SeaStar Medical Holding Corporation disclosed it has resumed an at-the-market equity offering after suspending sales on July 10, 2025. The company previously sold an aggregate of $6.8 million of common stock under the ATM program and had earlier terminated the continuous offering tied to an initial aggregate offering price of $25,000,000. As of August 8, 2025, SeaStar will resume sales under the Company’s effective Form S-3 for an additional aggregate offering price of $2,166,305. Proceeds, if any, will be used for general corporate purposes, and there is no minimum offering amount so total shares and proceeds are not determinable. Legal opinion and related exhibits are filed with the report.
SeaStar Medical Holding Corporation filed a prospectus supplement to sell up to $2,160,113 of common stock through an at-the-market program with H.C. Wainwright, which will receive a 3.0% commission on sales. The company emphasizes its FDA pediatric Humanitarian Device Exemption approval (received February 21, 2024) and shipment of its first commercial pediatric SCD in July 2024, plus multiple FDA Breakthrough Device Designations and an ongoing pivotal adult AKI trial.
The filing discloses material financial and listing risks: an auditor’s going-concern emphasis, positive working capital of $2.6 million as of June 30, 2025 but recurring losses, large warrant and potential dilution overhang (tens of millions of shares issuable), and a Nasdaq notice for failing the $1.00 minimum bid price with 180 days to cure (notice dated July 31, 2025). The company also implemented indefinite 20% reductions to certain executive salaries and director fees to conserve cash.
SeaStar Medical Holding Corporation is registering 1,500,000 shares of its common stock for issuance under the Amended and Restated 2022 Omnibus Incentive Plan, reflecting a shareholder-approved amendment to that plan. The registration also covers any additional shares issuable under Rule 416 for stock dividends, splits or similar adjustments. The filing incorporates prior S-8 registrations for the same plan (listing 50,800, 47,200 and 472,456 shares after giving effect to a 1-for-25 reverse stock split) and notes the reverse split that adjusted share amounts.

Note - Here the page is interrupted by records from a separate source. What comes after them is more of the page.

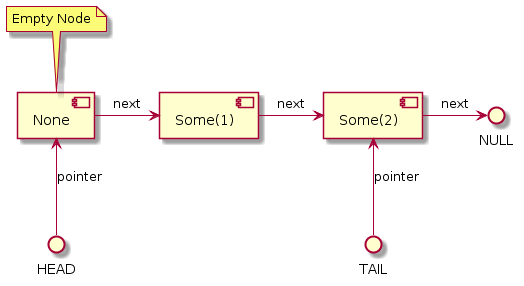

The diagram above was rendered by PlantUML. Its source (embedded in the PNG):
@startuml
component [None] as NE
component [Some(1)] as N1
component [Some(2)] as N2

NE -right-> N1 : next
N1 -right-> N2 : next

HEAD -up-> NE : pointer
TAIL -up-> N2 : pointer
N2 -right-> NULL : next

note top of NE
  Empty Node
end note

@enduml
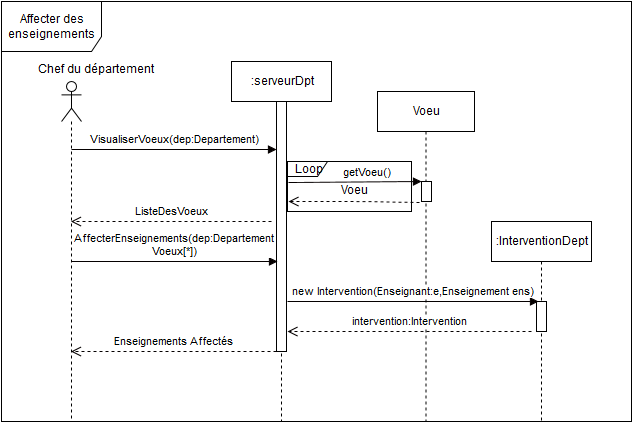

The diagram above was exported from draw.io. Its source (the exported page's mxGraphModel, read from the mxfile embedded in the PNG):
<mxGraphModel dx="1190" dy="734" grid="1" gridSize="10" guides="1" tooltips="1" connect="1" arrows="1" fold="1" page="1" pageScale="1" pageWidth="826" pageHeight="1169" background="#ffffff" math="0" shadow="0">
  <root>
    <mxCell id="0" />
    <mxCell id="1" parent="0" />
    <mxCell id="39" value="Affecter des enseignements&lt;br&gt;" style="shape=umlFrame;whiteSpace=wrap;html=1;strokeColor=#000000;fillColor=#FFFFFF;gradientColor=#ffffff;width=100;height=50;" parent="1" vertex="1">
      <mxGeometry x="90" y="20" width="630" height="420" as="geometry" />
    </mxCell>
    <mxCell id="70f201c1e4b3a49-51" value="" style="shape=umlLifeline;participant=umlActor;perimeter=lifelinePerimeter;whiteSpace=wrap;html=1;container=1;collapsible=0;recursiveResize=0;verticalAlign=top;spacingTop=36;labelBackgroundColor=#ffffff;outlineConnect=0;strokeColor=#000000;fillColor=#FFFFFF;gradientColor=#ffffff;" vertex="1" parent="1">
      <mxGeometry x="150" y="100" width="20" height="340" as="geometry" />
    </mxCell>
    <mxCell id="70f201c1e4b3a49-52" value="Chef du département&lt;br&gt;" style="text;html=1;resizable=0;points=[];autosize=1;align=left;verticalAlign=top;spacingTop=-4;" vertex="1" parent="1">
      <mxGeometry x="125" y="80" width="130" height="20" as="geometry" />
    </mxCell>
    <mxCell id="70f201c1e4b3a49-53" value=":serveurDpt" style="shape=umlLifeline;perimeter=lifelinePerimeter;whiteSpace=wrap;html=1;container=1;collapsible=0;recursiveResize=0;outlineConnect=0;strokeColor=#000000;fillColor=#FFFFFF;gradientColor=#ffffff;" vertex="1" parent="1">
      <mxGeometry x="320" y="80" width="100" height="360" as="geometry" />
    </mxCell>
    <mxCell id="70f201c1e4b3a49-78" style="edgeStyle=orthogonalEdgeStyle;rounded=0;html=1;endArrow=none;endFill=0;jettySize=auto;orthogonalLoop=1;strokeColor=#050000;" edge="1" parent="70f201c1e4b3a49-53" source="70f201c1e4b3a49-54" target="70f201c1e4b3a49-53">
      <mxGeometry relative="1" as="geometry">
        <Array as="points">
          <mxPoint x="50" y="280" />
          <mxPoint x="50" y="280" />
        </Array>
      </mxGeometry>
    </mxCell>
    <mxCell id="70f201c1e4b3a49-54" value="" style="html=1;points=[];perimeter=orthogonalPerimeter;strokeColor=#000000;fillColor=#FFFFFF;gradientColor=#ffffff;" vertex="1" parent="70f201c1e4b3a49-53">
      <mxGeometry x="45" y="40" width="10" height="250" as="geometry" />
    </mxCell>
    <mxCell id="70f201c1e4b3a49-55" value="VisualiserVoeux(dep:Departement)" style="html=1;verticalAlign=bottom;endArrow=block;strokeColor=#050000;exitX=0.5;exitY=0.2;exitPerimeter=0;" edge="1" parent="1" source="70f201c1e4b3a49-51" target="70f201c1e4b3a49-54">
      <mxGeometry width="80" relative="1" as="geometry">
        <mxPoint x="180" y="160" as="sourcePoint" />
        <mxPoint x="260" y="160" as="targetPoint" />
      </mxGeometry>
    </mxCell>
    <mxCell id="70f201c1e4b3a49-58" value="ListeDesVoeux &lt;br&gt;" style="html=1;verticalAlign=bottom;endArrow=open;dashed=1;endSize=8;strokeColor=#050000;" edge="1" parent="1" target="70f201c1e4b3a49-51">
      <mxGeometry relative="1" as="geometry">
        <mxPoint x="360" y="240" as="sourcePoint" />
        <mxPoint x="270" y="200" as="targetPoint" />
        <Array as="points">
          <mxPoint x="270" y="240" />
        </Array>
      </mxGeometry>
    </mxCell>
    <mxCell id="70f201c1e4b3a49-60" value="Voeu" style="shape=umlLifeline;perimeter=lifelinePerimeter;whiteSpace=wrap;html=1;container=1;collapsible=0;recursiveResize=0;outlineConnect=0;strokeColor=#000000;fillColor=#FFFFFF;gradientColor=#ffffff;" vertex="1" parent="1">
      <mxGeometry x="466" y="110" width="97" height="330" as="geometry" />
    </mxCell>
    <mxCell id="70f201c1e4b3a49-61" value="" style="html=1;points=[];perimeter=orthogonalPerimeter;strokeColor=#000000;fillColor=#FFFFFF;gradientColor=#ffffff;" vertex="1" parent="70f201c1e4b3a49-60">
      <mxGeometry x="44" y="90" width="10" height="20" as="geometry" />
    </mxCell>
    <mxCell id="70f201c1e4b3a49-65" value="&amp;nbsp;&amp;nbsp;&amp;nbsp;&amp;nbsp;&amp;nbsp;&amp;nbsp;&amp;nbsp; getVoeu()" style="html=1;verticalAlign=bottom;endArrow=block;strokeColor=#050000;exitX=0.007;exitY=0.42;exitPerimeter=0;" edge="1" parent="1" source="70f201c1e4b3a49-70">
      <mxGeometry x="337" y="208" width="80" as="geometry">
        <mxPoint x="374" y="205" as="sourcePoint" />
        <mxPoint x="510" y="200" as="targetPoint" />
      </mxGeometry>
    </mxCell>
    <mxCell id="70f201c1e4b3a49-67" value="" style="html=1;verticalAlign=bottom;endArrow=open;dashed=1;endSize=8;strokeColor=#050000;entryX=0.007;entryY=0.8;entryPerimeter=0;exitX=1.065;exitY=0.82;exitPerimeter=0;" edge="1" parent="1" source="70f201c1e4b3a49-70" target="70f201c1e4b3a49-70">
      <mxGeometry relative="1" as="geometry">
        <mxPoint x="500" y="220" as="sourcePoint" />
        <mxPoint x="380" y="221" as="targetPoint" />
        <Array as="points">
          <mxPoint x="450" y="220" />
        </Array>
      </mxGeometry>
    </mxCell>
    <mxCell id="70f201c1e4b3a49-69" value="&amp;nbsp;&amp;nbsp;&amp;nbsp;&amp;nbsp; Voeu" style="text;html=1;resizable=0;points=[];align=center;verticalAlign=middle;labelBackgroundColor=#ffffff;" vertex="1" connectable="0" parent="70f201c1e4b3a49-67">
      <mxGeometry x="0.1152" y="-11" relative="1" as="geometry">
        <mxPoint as="offset" />
      </mxGeometry>
    </mxCell>
    <mxCell id="70f201c1e4b3a49-70" value="Loop" style="shape=umlFrame;whiteSpace=wrap;html=1;strokeColor=#000000;fillColor=#FFFFFF;gradientColor=#ffffff;width=40;height=15;" vertex="1" parent="1">
      <mxGeometry x="376" y="180" width="124" height="50" as="geometry" />
    </mxCell>
    <mxCell id="70f201c1e4b3a49-77" value="AffecterEnseignements(dep:Departement&lt;br&gt;Voeux[*])" style="html=1;verticalAlign=bottom;endArrow=block;strokeColor=#050000;entryX=0.1;entryY=0.64;entryPerimeter=0;" edge="1" parent="1" source="70f201c1e4b3a49-51" target="70f201c1e4b3a49-54">
      <mxGeometry width="80" relative="1" as="geometry">
        <mxPoint x="190" y="290" as="sourcePoint" />
        <mxPoint x="350" y="280" as="targetPoint" />
      </mxGeometry>
    </mxCell>
    <mxCell id="70f201c1e4b3a49-82" value=":InterventionDept" style="shape=umlLifeline;perimeter=lifelinePerimeter;whiteSpace=wrap;html=1;container=1;collapsible=0;recursiveResize=0;outlineConnect=0;strokeColor=#000000;fillColor=#FFFFFF;gradientColor=#ffffff;" vertex="1" parent="1">
      <mxGeometry x="580" y="240" width="100" height="200" as="geometry" />
    </mxCell>
    <mxCell id="70f201c1e4b3a49-83" value="" style="html=1;points=[];perimeter=orthogonalPerimeter;strokeColor=#000000;fillColor=#FFFFFF;gradientColor=#ffffff;" vertex="1" parent="1">
      <mxGeometry x="625" y="320" width="10" height="30" as="geometry" />
    </mxCell>
    <mxCell id="70f201c1e4b3a49-84" value="new Intervention(Enseignant:e,Enseignement ens)&lt;br&gt;" style="html=1;verticalAlign=bottom;endArrow=block;strokeColor=#050000;entryX=0.2;entryY=0;entryPerimeter=0;" edge="1" parent="1" target="70f201c1e4b3a49-83">
      <mxGeometry width="80" relative="1" as="geometry">
        <mxPoint x="376" y="320" as="sourcePoint" />
        <mxPoint x="610" y="322" as="targetPoint" />
      </mxGeometry>
    </mxCell>
    <mxCell id="70f201c1e4b3a49-86" value="intervention:Intervention" style="html=1;verticalAlign=bottom;endArrow=open;dashed=1;endSize=8;strokeColor=#050000;" edge="1" parent="1">
      <mxGeometry relative="1" as="geometry">
        <mxPoint x="620" y="350" as="sourcePoint" />
        <mxPoint x="376" y="350" as="targetPoint" />
      </mxGeometry>
    </mxCell>
    <mxCell id="70f201c1e4b3a49-87" value="Enseignements Affectés&lt;br&gt;" style="html=1;verticalAlign=bottom;endArrow=open;dashed=1;endSize=8;strokeColor=#050000;" edge="1" parent="1" target="70f201c1e4b3a49-51">
      <mxGeometry relative="1" as="geometry">
        <mxPoint x="365" y="370" as="sourcePoint" />
        <mxPoint x="285" y="370" as="targetPoint" />
      </mxGeometry>
    </mxCell>
  </root>
</mxGraphModel>

The document incorporates the company’s recent annual and quarterly reports by reference, includes an exhibit index identifying the amended plan as Exhibit 99.1, and is signed by the CEO and other officers and directors, with a standard power of attorney for amendments. The filing itself does not disclose the company’s total outstanding shares or provide financial performance data.